Negli anni 80 il test ergometrico è entrato nella valutazione clinica di routine nel paziente postIMA (con la stratificazione del rischio), e questo ha reso più sicuro il medico nel consigliare la ripresa progressiva dell’attività quotidiana.

Comunque, la rappresentazione del paziente cardiopatico come fragile è stata dura da eliminare, e solo nel 1982 a Dusseldorf, durante il Congresso della Società Europea di Cardiologia, viene fondato il Working Group of Cardiac Rehabilitation, piattaforma ideale per il confronto e la diffusione di idee riabilitative in ambito cardiovascolare. Negli USA l’Associazione Americana di Riabilitazione Cardiovascolare e polmonare fu realizzata soltanto alcuni anni dopo, nel 1985.

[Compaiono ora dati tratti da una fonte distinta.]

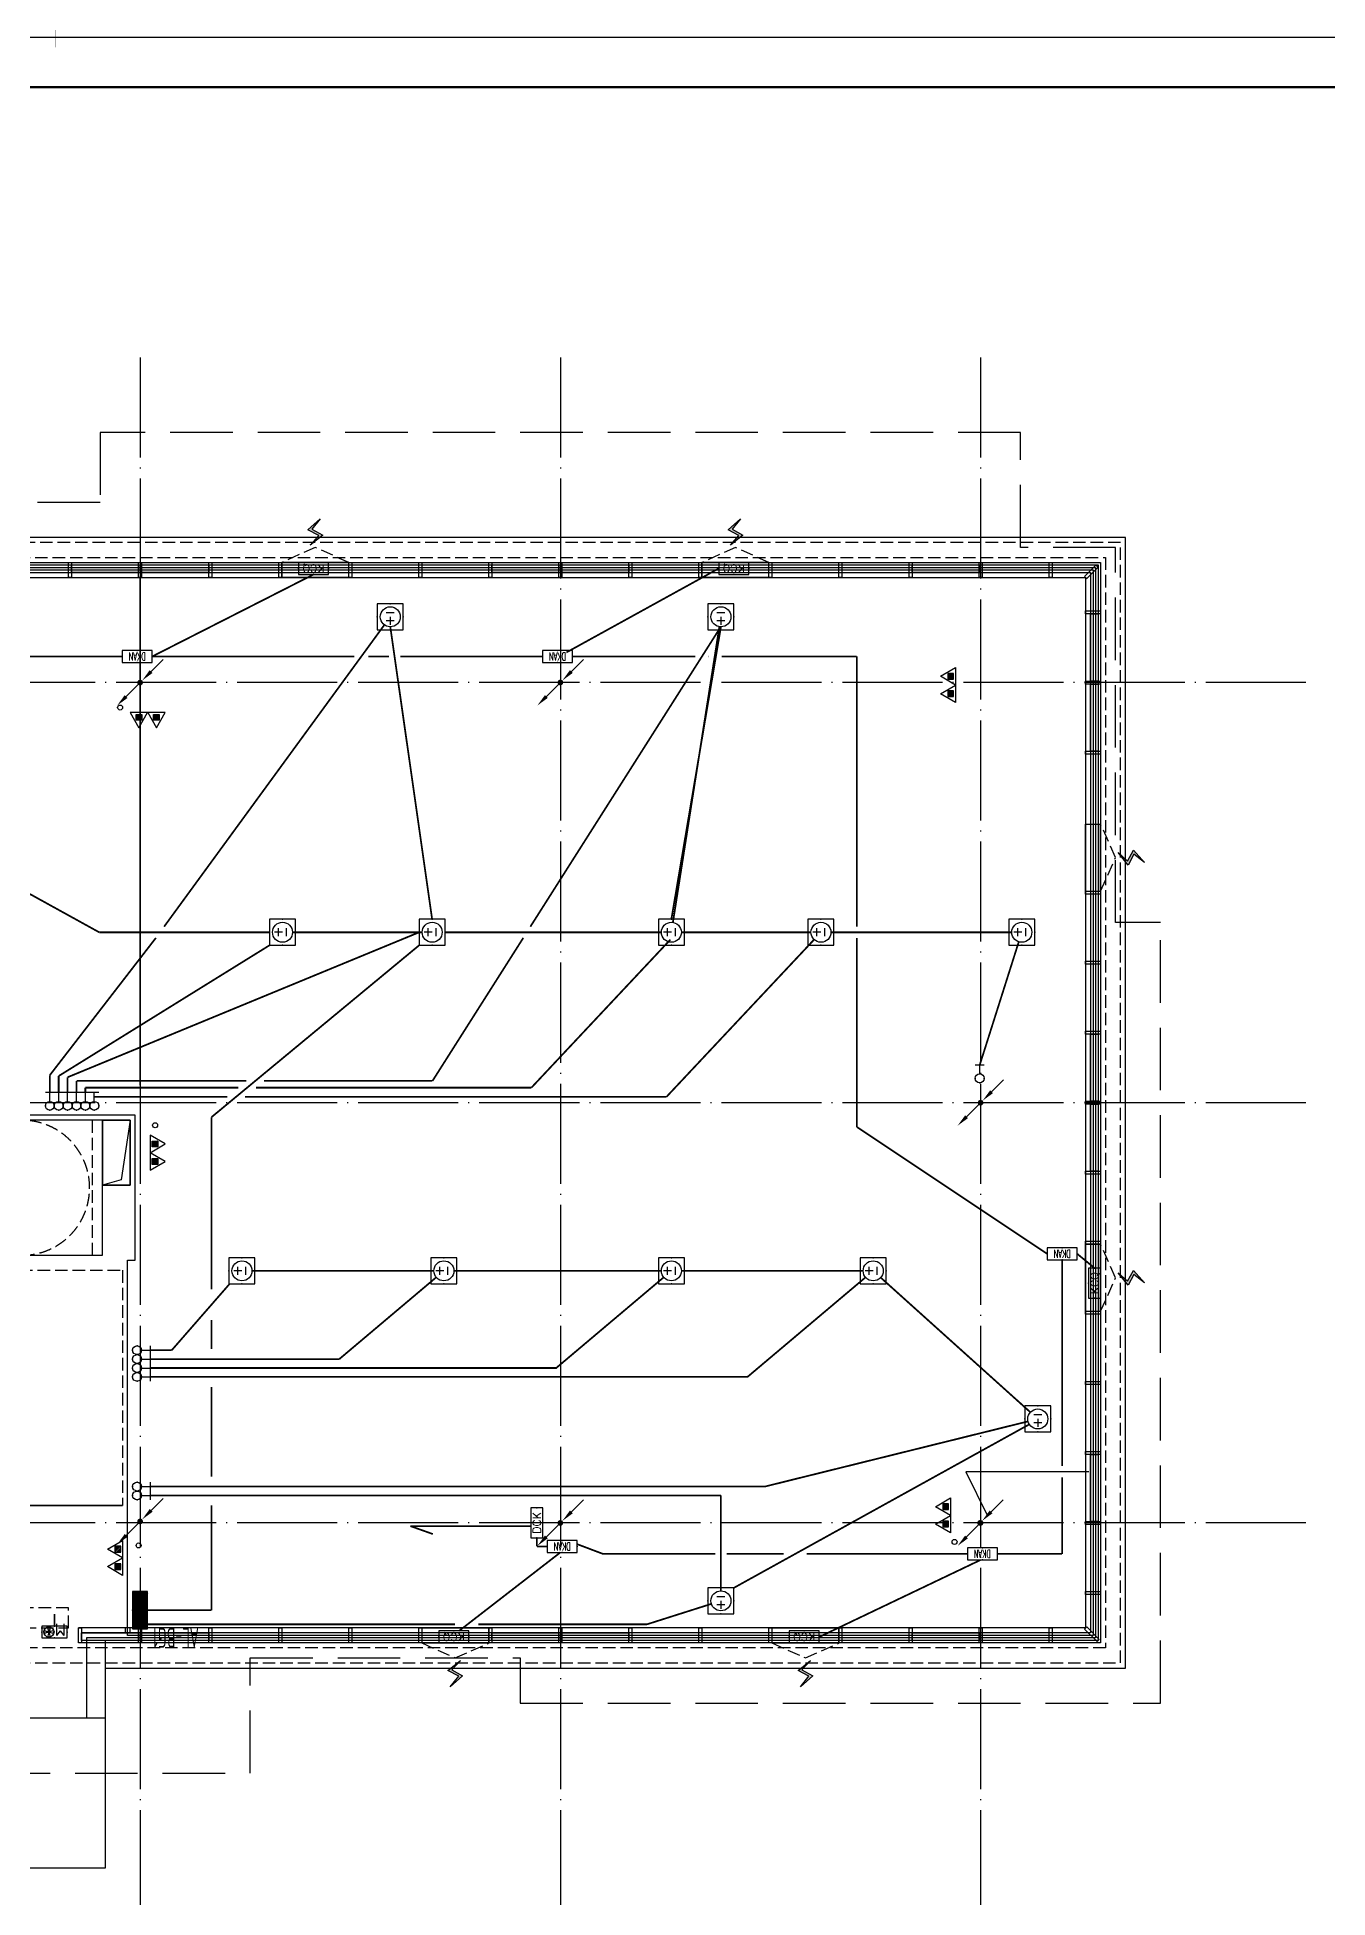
# Model space of a CAD drawing. Extents: x -292644 to 263613, y -713695 to 491457.
# Drawn here: x 134900 to 160698, y 9306 to 46500 of the extents above; entities that cross this region are included whole.
import ezdxf
from ezdxf.enums import TextEntityAlignment as Align
from ezdxf.xclip import XClip

# ---------------------------------------------------------------- set-up
doc = ezdxf.new("R2010")
doc.units = 0
doc.header["$LTSCALE"] = 1000
doc.header["$MEASUREMENT"] = 0
for name, pattern in [('104-10 轴网$0$DOTE', [2.42, 2, -0.2, 0.02, -0.2]), ('8#楼幕墙$0$109-34 轴网$0$L1$0$$AUDIT_BAD_LTYPE1', [0]), ('8#楼幕墙$0$DASH', [0.35, 0.25, -0.1]), ('X-104 8#10#平面_t3$0$109-34 轴网$0$L1$0$$AUDIT_BAD_LTYPE1', [0]), ('X-104 8#10#平面_t3$0$DASH', [0.35, 0.25, -0.1]), ('三跑梯-1F$0$DASH', [0.35, 0.25, -0.1])]:
    doc.linetypes.add(name, pattern=pattern)
doc.layers.get('0').update_dxf_attribs({"linetype": 'CONTINUOUS'})
doc.layers.get('Defpoints').update_dxf_attribs({"linetype": 'CONTINUOUS'})
for name, color, linetype in [('104-10 轴网$0$A_AXIS-轴线', 36, '104-10 轴网$0$DOTE'), ('8#楼幕墙$0$04-电动窗', 1, 'CONTINUOUS'), ('8#楼幕墙$0$A-C_玻璃幕墙', 140, 'CONTINUOUS'), ('8#楼幕墙$0$A-C_窗b', 191, 'CONTINUOUS'), ('DIM-箱柜', 3, 'CONTINUOUS'), ('EQUIP-动力', 3, 'CONTINUOUS'), ('EQUIP-照明', 3, 'CONTINUOUS'), ('EQUIP-箱柜', 3, 'CONTINUOUS'), ('LWIRE', 4, 'CONTINUOUS'), ('WIRE-照明', 1, 'CONTINUOUS'), ('X-104 8#10#平面_t3$0$A-C_玻璃幕墙', 140, 'CONTINUOUS'), ('X-104 8#10#平面_t3$0$A-E_楼梯', 171, 'CONTINUOUS'), ('X-104 8#10#平面_t3$0$A-O_分水线', 127, 'CONTINUOUS'), ('X-104 8#10#平面_t3$0$A-O_屋面', 201, 'CONTINUOUS'), ('X-104 8#10#平面_t3$0$A-O_散水', 134, 'CONTINUOUS'), ('X-104 8#10#平面_t3$0$A-SUR_看线', 231, 'CONTINUOUS'), ('X-104 8#10#平面_t3$0$A-TECH_结构', 21, 'CONTINUOUS'), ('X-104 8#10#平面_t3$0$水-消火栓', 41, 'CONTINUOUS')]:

Oggi il cardiopatico, anche grazie ai trattamenti sempre più efficaci e mirati nella fase acuta, viene invitato ad iniziare e a riprendere un’attività fisica regolare, con risultati non solo sulla qualità della vita, ma soprattutto sulla sopravvivenza e sul rischio di nuovi episodi ischemici.

Il cuore umano ha un modo di farsi di nuovo grande
anche dopo che è stato rotto in mille pezzi.